Chinese crayfish output staying home

China’s exports of freshwater crayfish fell a whopping 88.5 percent in volume and 88 percent in value terms in the first quarter of 2018 compared to the same period last year. 

Freshwater crayfish is increasingly a purely domestic trade, heralding bad news for importers but good news for domestic vendors, for whom the species has become a hit with China’s younger consumers. 

Domestic consumption is sucking in a larger share of China’s crustacean production. Shrimp, meanwhile, made up 10.3 percent of China’s overall seafood exports in the first quarter, with 30,010 tons exported at a value of USD 381 million (EUR 323.4 million) – up 0.37 percent and 4.24 percent, respectively. 

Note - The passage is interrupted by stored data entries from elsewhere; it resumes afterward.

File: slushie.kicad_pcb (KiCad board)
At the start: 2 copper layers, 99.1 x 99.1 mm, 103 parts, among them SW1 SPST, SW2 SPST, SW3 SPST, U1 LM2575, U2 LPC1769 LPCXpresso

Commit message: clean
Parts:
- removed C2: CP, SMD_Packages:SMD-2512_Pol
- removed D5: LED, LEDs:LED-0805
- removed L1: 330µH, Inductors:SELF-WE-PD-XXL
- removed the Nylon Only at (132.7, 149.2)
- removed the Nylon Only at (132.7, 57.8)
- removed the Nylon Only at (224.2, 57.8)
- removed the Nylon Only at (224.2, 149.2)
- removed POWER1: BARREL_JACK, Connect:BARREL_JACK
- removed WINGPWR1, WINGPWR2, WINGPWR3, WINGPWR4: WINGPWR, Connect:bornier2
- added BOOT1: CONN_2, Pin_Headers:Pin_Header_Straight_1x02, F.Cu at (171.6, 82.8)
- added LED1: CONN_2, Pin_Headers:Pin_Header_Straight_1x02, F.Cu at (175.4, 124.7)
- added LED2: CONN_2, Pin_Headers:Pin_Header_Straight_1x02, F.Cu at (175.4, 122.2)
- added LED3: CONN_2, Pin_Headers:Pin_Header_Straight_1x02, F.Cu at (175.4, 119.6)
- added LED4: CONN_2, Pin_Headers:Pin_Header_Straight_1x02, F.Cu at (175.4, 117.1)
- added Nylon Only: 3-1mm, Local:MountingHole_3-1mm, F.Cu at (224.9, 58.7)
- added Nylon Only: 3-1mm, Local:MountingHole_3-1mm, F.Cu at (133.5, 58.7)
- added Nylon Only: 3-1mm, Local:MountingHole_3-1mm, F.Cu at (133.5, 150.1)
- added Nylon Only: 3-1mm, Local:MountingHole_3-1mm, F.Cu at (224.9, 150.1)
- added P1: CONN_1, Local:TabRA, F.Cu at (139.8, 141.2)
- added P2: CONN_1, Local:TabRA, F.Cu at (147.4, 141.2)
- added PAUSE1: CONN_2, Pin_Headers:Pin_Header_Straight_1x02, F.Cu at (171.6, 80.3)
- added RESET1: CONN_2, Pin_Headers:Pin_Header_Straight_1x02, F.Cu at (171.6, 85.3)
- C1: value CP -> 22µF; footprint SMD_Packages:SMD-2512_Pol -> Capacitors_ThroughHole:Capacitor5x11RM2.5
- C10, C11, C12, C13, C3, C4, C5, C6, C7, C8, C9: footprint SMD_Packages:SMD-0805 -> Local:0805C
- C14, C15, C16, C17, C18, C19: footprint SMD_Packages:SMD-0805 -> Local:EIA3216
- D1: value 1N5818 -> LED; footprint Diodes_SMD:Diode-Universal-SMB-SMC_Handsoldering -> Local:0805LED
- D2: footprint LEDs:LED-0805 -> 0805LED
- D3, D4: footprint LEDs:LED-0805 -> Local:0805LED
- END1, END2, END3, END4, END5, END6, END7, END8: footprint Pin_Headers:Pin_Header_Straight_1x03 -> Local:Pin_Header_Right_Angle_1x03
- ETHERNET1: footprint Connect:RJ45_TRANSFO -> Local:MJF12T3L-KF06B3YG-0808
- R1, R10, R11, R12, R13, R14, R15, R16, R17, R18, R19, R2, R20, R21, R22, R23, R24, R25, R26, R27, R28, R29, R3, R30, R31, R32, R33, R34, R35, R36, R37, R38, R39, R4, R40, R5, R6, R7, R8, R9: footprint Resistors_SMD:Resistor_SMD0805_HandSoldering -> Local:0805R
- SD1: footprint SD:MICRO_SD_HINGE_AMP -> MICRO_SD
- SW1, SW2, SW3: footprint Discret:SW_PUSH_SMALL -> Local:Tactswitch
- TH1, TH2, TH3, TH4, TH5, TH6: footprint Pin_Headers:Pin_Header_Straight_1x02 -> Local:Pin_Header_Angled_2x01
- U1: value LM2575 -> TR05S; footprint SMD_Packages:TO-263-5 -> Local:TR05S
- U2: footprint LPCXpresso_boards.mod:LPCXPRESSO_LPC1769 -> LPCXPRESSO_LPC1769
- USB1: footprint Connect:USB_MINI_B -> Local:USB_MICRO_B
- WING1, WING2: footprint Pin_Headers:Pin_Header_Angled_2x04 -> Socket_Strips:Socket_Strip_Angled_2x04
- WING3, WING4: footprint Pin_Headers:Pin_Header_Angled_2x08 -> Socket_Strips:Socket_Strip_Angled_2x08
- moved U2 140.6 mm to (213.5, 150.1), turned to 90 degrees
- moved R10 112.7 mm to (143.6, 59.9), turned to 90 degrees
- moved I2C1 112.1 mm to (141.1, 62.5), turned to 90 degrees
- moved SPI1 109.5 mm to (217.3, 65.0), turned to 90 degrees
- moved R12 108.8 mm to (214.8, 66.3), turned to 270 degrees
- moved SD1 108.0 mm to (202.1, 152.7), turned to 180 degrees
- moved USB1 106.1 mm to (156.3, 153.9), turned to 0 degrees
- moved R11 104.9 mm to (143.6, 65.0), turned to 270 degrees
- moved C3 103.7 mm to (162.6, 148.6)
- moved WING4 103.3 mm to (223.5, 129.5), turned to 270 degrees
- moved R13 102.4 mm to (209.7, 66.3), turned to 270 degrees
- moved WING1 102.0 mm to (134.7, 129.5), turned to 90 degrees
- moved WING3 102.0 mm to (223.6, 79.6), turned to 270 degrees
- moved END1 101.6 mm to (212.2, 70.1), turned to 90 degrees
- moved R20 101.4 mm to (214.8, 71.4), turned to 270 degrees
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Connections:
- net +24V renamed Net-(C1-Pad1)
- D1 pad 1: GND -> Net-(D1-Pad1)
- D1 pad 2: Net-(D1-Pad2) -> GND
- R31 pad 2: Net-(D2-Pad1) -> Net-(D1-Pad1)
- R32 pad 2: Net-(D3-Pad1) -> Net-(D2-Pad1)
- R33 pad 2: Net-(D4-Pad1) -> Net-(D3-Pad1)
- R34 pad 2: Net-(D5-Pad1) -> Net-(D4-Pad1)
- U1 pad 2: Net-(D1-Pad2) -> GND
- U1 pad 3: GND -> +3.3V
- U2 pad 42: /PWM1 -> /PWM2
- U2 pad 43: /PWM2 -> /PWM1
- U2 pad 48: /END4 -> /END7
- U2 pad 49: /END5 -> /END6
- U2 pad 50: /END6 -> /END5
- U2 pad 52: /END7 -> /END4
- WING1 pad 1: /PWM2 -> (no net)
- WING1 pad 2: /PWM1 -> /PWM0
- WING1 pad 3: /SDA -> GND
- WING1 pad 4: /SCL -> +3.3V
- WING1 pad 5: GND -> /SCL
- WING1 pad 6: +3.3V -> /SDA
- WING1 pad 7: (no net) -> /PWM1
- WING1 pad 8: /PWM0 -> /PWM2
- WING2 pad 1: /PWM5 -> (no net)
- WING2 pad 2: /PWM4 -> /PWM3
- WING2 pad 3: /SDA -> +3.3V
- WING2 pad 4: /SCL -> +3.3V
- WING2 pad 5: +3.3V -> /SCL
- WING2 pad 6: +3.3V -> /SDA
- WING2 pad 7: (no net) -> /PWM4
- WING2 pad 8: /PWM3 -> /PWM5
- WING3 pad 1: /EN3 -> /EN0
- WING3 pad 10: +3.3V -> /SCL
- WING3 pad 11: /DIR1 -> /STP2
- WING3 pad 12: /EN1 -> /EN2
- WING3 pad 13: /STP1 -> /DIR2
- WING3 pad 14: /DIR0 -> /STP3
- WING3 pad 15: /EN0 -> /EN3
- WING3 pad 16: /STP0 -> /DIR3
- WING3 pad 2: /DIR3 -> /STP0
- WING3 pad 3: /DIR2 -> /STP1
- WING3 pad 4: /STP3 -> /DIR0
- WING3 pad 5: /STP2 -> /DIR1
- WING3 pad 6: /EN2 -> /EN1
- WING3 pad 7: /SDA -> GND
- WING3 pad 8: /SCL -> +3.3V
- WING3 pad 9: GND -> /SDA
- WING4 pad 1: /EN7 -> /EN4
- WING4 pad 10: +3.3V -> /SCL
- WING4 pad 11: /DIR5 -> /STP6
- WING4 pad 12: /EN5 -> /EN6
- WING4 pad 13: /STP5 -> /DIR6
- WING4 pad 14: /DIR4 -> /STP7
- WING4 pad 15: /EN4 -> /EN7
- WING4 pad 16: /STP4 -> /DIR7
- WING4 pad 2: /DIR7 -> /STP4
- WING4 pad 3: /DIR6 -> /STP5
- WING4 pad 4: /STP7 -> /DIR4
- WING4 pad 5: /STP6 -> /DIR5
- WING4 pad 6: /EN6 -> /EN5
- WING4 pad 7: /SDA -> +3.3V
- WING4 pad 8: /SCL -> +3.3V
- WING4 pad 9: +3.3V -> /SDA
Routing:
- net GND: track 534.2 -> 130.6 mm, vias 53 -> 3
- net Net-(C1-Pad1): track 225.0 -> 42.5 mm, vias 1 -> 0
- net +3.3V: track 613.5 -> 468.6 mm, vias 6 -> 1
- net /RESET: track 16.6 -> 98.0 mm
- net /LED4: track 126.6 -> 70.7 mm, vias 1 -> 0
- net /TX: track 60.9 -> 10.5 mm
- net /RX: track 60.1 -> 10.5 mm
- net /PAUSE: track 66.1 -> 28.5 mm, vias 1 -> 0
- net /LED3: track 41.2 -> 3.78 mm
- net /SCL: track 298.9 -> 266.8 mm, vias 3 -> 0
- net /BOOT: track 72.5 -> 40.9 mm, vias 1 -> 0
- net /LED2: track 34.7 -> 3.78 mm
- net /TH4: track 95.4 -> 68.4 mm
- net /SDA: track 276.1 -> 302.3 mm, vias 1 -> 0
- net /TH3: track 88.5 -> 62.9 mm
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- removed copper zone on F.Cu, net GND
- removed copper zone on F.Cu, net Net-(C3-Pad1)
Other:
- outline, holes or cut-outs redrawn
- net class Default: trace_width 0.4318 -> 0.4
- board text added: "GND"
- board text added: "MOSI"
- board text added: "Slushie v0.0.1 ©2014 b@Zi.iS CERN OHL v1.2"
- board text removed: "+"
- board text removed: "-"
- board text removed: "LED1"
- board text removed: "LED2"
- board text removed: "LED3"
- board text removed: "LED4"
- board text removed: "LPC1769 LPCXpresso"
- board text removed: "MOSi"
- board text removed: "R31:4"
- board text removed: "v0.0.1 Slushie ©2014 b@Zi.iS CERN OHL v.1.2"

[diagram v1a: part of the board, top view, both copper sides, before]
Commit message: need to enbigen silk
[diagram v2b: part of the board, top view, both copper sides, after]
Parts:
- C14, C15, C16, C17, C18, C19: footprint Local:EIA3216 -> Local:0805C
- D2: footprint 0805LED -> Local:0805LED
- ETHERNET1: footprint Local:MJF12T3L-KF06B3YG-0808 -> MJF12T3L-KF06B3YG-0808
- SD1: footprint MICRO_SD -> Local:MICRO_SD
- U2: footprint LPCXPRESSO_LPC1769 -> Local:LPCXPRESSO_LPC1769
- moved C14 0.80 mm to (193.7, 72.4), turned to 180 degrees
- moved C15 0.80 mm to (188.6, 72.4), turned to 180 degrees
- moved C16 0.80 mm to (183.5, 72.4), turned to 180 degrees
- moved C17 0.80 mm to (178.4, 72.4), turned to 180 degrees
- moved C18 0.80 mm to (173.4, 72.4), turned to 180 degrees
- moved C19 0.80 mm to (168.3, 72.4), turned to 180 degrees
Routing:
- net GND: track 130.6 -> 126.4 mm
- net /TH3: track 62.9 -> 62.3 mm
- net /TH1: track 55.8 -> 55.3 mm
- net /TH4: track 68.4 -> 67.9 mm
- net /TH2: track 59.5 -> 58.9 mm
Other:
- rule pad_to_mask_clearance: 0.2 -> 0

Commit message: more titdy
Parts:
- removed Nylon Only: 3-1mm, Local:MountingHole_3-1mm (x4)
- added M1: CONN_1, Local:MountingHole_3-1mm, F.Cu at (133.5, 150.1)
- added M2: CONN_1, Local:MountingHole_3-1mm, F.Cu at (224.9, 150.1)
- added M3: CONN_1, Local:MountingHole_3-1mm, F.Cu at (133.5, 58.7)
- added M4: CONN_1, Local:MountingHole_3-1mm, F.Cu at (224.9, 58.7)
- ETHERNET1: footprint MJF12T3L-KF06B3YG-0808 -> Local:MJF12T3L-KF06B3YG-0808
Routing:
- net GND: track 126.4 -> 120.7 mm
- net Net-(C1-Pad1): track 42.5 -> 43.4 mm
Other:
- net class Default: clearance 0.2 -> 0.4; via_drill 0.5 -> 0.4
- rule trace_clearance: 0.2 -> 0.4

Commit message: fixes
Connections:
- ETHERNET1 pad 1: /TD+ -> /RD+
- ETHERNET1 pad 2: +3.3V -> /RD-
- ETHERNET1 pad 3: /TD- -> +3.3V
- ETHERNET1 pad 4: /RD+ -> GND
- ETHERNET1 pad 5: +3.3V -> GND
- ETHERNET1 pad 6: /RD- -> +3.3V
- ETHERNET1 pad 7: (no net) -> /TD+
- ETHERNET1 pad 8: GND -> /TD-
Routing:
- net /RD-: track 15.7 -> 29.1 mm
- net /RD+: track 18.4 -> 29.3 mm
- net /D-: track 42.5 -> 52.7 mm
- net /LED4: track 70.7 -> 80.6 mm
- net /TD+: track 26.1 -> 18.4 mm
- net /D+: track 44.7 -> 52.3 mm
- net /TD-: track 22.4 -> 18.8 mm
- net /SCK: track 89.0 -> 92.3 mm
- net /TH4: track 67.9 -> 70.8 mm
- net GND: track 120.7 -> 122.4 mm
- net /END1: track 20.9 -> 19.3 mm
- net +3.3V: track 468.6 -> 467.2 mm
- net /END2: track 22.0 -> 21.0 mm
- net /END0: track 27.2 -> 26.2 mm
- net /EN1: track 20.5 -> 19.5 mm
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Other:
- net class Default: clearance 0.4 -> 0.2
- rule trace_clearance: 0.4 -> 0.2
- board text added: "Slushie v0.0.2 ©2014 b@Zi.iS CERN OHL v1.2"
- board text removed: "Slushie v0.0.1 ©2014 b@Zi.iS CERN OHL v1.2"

Chinese crayfish production, which has been promoted by local governments in central China as a higher value substitution for carp, has supplied convenience food producers in Europe but irked crustacean producers in the United States, who have complained of unfair competition from Chinese imports into America.    

The lure of crayfish for China’s young, urban spenders was made clear recently when Wen He You Culture Management Co, a restaurant operator based in central China that operates youth-focused crayfish and meat restaurants, last month sold a six-percent stake to the Tangrenshen Group, one of China’s biggest agricultural conglomerates.